» **DATA**
+ + + + + + +

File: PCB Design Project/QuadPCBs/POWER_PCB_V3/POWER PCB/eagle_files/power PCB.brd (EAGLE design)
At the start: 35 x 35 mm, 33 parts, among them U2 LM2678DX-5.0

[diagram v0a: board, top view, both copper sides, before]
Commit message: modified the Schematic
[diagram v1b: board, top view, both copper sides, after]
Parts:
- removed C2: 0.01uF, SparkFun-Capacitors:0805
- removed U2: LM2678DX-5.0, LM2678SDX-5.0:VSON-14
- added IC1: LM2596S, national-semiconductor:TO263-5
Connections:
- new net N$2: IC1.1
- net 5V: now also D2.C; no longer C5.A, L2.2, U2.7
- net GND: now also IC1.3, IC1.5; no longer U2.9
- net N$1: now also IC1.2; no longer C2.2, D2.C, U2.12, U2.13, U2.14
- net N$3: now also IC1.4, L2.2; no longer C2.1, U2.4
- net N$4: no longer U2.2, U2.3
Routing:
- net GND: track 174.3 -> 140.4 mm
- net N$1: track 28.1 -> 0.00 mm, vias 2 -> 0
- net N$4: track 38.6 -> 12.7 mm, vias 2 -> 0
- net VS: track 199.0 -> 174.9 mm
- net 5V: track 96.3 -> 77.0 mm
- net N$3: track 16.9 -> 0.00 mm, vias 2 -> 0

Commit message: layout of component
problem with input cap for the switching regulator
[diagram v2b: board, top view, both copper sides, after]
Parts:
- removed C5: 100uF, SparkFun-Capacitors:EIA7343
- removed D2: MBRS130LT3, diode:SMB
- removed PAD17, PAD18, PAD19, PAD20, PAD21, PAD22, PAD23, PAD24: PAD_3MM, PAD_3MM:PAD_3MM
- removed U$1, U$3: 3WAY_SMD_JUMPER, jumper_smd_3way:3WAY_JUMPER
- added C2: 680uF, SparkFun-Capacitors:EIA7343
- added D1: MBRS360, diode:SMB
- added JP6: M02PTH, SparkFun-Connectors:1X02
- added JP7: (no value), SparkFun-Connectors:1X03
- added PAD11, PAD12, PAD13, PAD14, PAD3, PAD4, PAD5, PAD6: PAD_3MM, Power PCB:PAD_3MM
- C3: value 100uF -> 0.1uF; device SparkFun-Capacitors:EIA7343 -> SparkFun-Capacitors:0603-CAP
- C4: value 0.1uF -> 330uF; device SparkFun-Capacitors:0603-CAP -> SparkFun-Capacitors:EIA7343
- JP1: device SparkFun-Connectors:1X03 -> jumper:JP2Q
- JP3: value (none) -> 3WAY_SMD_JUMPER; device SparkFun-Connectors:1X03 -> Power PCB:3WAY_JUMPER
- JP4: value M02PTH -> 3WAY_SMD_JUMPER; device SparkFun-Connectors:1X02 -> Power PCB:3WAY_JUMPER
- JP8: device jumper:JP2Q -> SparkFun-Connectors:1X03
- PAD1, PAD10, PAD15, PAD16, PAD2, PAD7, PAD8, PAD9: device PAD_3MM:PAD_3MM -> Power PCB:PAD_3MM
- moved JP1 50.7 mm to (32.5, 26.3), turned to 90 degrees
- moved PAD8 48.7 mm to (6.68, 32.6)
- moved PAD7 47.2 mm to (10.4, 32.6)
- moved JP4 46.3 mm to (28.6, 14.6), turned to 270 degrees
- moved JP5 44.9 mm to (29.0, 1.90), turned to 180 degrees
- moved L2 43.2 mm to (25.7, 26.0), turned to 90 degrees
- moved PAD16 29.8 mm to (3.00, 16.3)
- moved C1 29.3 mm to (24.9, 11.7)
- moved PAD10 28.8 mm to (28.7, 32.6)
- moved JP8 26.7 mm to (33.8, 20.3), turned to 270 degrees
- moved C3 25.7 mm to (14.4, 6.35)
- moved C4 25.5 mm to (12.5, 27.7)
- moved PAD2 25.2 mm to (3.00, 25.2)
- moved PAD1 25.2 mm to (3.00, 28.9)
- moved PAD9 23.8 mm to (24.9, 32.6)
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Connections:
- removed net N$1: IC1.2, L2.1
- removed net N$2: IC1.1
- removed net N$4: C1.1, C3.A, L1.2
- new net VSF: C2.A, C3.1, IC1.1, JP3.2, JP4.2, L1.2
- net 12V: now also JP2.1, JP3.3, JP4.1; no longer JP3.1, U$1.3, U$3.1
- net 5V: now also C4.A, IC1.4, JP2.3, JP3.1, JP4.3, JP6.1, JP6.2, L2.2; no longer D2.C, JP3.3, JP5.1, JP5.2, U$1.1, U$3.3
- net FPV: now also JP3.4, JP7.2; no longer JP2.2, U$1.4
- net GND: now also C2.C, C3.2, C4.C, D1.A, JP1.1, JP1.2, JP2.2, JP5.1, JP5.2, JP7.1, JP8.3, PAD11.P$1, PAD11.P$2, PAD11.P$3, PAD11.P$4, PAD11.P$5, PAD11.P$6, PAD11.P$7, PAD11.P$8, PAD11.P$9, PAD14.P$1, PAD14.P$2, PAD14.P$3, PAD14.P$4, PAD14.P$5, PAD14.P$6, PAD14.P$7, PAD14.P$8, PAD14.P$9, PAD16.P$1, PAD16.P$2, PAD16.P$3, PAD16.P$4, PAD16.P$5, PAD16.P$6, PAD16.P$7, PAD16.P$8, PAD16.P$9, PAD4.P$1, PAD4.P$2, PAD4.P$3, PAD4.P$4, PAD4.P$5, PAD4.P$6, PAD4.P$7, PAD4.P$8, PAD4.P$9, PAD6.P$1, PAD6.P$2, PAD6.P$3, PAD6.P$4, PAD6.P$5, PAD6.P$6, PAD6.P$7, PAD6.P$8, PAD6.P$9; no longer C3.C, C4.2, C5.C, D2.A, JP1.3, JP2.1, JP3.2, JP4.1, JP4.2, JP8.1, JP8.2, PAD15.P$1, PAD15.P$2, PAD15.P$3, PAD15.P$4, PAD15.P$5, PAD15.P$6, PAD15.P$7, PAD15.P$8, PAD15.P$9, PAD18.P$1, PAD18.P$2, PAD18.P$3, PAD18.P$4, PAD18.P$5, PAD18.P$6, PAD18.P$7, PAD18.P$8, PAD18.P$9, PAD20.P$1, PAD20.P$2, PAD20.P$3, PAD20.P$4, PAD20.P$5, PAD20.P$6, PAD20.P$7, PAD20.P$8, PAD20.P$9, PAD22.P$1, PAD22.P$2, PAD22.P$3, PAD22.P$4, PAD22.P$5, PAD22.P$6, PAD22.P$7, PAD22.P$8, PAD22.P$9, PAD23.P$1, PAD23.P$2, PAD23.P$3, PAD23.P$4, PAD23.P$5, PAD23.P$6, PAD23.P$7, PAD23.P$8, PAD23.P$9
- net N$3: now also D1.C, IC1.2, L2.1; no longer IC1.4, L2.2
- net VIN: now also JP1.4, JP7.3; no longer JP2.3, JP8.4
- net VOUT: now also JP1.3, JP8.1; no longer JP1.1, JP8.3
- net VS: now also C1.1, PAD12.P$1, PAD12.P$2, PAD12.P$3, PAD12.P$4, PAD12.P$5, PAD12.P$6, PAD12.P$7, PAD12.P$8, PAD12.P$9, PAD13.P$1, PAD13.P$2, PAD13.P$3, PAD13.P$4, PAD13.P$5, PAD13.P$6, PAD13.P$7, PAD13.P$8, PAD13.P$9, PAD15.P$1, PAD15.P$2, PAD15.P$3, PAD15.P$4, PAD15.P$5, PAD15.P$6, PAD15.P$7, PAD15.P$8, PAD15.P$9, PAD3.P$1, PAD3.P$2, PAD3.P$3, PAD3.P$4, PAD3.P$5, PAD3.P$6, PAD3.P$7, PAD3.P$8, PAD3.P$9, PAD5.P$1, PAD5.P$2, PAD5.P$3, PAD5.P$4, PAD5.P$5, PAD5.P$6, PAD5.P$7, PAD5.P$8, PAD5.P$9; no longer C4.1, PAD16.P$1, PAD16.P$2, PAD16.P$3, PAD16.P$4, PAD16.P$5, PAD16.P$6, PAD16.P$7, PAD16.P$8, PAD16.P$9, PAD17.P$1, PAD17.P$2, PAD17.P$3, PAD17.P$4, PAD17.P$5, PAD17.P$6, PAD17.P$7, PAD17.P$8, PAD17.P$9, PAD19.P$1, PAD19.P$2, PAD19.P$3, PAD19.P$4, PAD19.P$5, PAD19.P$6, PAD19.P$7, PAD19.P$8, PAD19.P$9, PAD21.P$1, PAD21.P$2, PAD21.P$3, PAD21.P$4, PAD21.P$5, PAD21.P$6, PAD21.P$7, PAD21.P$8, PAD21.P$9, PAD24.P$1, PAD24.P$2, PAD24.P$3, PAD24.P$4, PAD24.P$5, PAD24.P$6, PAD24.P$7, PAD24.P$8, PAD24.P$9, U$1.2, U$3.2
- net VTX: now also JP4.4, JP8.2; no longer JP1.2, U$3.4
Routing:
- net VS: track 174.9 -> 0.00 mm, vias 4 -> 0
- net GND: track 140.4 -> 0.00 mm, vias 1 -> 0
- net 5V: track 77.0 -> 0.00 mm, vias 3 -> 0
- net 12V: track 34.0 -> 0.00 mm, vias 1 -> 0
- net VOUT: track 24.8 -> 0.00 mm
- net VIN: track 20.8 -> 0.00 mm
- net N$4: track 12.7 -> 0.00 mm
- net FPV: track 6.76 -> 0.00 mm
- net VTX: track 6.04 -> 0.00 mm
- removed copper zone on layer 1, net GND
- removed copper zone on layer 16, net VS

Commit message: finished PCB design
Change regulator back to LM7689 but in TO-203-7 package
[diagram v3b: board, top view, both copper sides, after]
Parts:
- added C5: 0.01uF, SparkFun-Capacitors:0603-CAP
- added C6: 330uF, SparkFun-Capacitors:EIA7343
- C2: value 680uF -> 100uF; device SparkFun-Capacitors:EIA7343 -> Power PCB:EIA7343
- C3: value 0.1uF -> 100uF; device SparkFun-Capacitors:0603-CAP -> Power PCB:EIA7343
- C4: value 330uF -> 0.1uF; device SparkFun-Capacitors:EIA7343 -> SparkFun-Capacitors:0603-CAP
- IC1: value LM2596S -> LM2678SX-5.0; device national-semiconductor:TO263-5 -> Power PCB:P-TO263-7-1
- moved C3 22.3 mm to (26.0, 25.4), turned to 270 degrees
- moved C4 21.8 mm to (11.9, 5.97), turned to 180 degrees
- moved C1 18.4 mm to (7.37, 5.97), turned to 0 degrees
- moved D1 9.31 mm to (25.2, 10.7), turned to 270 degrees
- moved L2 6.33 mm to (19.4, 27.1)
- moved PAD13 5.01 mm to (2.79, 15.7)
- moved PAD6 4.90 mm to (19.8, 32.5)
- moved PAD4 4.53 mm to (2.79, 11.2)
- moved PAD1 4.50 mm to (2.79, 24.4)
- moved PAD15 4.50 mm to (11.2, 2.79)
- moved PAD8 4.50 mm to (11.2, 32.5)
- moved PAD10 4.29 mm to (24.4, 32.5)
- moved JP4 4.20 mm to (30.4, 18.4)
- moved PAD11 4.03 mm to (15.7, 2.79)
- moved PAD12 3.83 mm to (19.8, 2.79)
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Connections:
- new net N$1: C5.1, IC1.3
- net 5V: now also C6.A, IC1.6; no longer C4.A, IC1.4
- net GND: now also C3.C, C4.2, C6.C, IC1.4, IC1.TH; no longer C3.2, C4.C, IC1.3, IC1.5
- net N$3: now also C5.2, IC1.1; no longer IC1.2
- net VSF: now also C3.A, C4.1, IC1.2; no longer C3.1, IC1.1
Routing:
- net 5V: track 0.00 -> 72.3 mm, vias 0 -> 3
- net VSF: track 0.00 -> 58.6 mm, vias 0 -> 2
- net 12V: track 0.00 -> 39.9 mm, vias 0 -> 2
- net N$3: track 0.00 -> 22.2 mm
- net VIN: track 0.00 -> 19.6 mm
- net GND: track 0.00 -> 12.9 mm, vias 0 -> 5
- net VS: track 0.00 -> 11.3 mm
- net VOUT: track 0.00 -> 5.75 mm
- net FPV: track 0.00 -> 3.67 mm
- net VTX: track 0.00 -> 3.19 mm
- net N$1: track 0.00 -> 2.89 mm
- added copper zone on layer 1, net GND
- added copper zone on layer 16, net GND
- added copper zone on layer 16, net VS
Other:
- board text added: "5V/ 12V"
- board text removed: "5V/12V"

+ + + + + + +

» **EXERCISE DIRECTIONS**
In the records above, the line with "- net N$4: no longer U2.2, U2.3" marks the start and the line with "- moved PAD2 25.2 mm to (3.00, 25.2)" marks the end; copy that stretch exactly, both lines included, and nothing else.

» **EXERCISE RESPONSE**
- net N$4: no longer U2.2, U2.3
Routing:
- net GND: track 174.3 -> 140.4 mm
- net N$1: track 28.1 -> 0.00 mm, vias 2 -> 0
- net N$4: track 38.6 -> 12.7 mm, vias 2 -> 0
- net VS: track 199.0 -> 174.9 mm
- net 5V: track 96.3 -> 77.0 mm
- net N$3: track 16.9 -> 0.00 mm, vias 2 -> 0

Commit message: layout of component
problem with input cap for the switching regulator
[diagram v2b: board, top view, both copper sides, after]
Parts:
- removed C5: 100uF, SparkFun-Capacitors:EIA7343
- removed D2: MBRS130LT3, diode:SMB
- removed PAD17, PAD18, PAD19, PAD20, PAD21, PAD22, PAD23, PAD24: PAD_3MM, PAD_3MM:PAD_3MM
- removed U$1, U$3: 3WAY_SMD_JUMPER, jumper_smd_3way:3WAY_JUMPER
- added C2: 680uF, SparkFun-Capacitors:EIA7343
- added D1: MBRS360, diode:SMB
- added JP6: M02PTH, SparkFun-Connectors:1X02
- added JP7: (no value), SparkFun-Connectors:1X03
- added PAD11, PAD12, PAD13, PAD14, PAD3, PAD4, PAD5, PAD6: PAD_3MM, Power PCB:PAD_3MM
- C3: value 100uF -> 0.1uF; device SparkFun-Capacitors:EIA7343 -> SparkFun-Capacitors:0603-CAP
- C4: value 0.1uF -> 330uF; device SparkFun-Capacitors:0603-CAP -> SparkFun-Capacitors:EIA7343
- JP1: device SparkFun-Connectors:1X03 -> jumper:JP2Q
- JP3: value (none) -> 3WAY_SMD_JUMPER; device SparkFun-Connectors:1X03 -> Power PCB:3WAY_JUMPER
- JP4: value M02PTH -> 3WAY_SMD_JUMPER; device SparkFun-Connectors:1X02 -> Power PCB:3WAY_JUMPER
- JP8: device jumper:JP2Q -> SparkFun-Connectors:1X03
- PAD1, PAD10, PAD15, PAD16, PAD2, PAD7, PAD8, PAD9: device PAD_3MM:PAD_3MM -> Power PCB:PAD_3MM
- moved JP1 50.7 mm to (32.5, 26.3), turned to 90 degrees
- moved PAD8 48.7 mm to (6.68, 32.6)
- moved PAD7 47.2 mm to (10.4, 32.6)
- moved JP4 46.3 mm to (28.6, 14.6), turned to 270 degrees
- moved JP5 44.9 mm to (29.0, 1.90), turned to 180 degrees
- moved L2 43.2 mm to (25.7, 26.0), turned to 90 degrees
- moved PAD16 29.8 mm to (3.00, 16.3)
- moved C1 29.3 mm to (24.9, 11.7)
- moved PAD10 28.8 mm to (28.7, 32.6)
- moved JP8 26.7 mm to (33.8, 20.3), turned to 270 degrees
- moved C3 25.7 mm to (14.4, 6.35)
- moved C4 25.5 mm to (12.5, 27.7)
- moved PAD2 25.2 mm to (3.00, 25.2)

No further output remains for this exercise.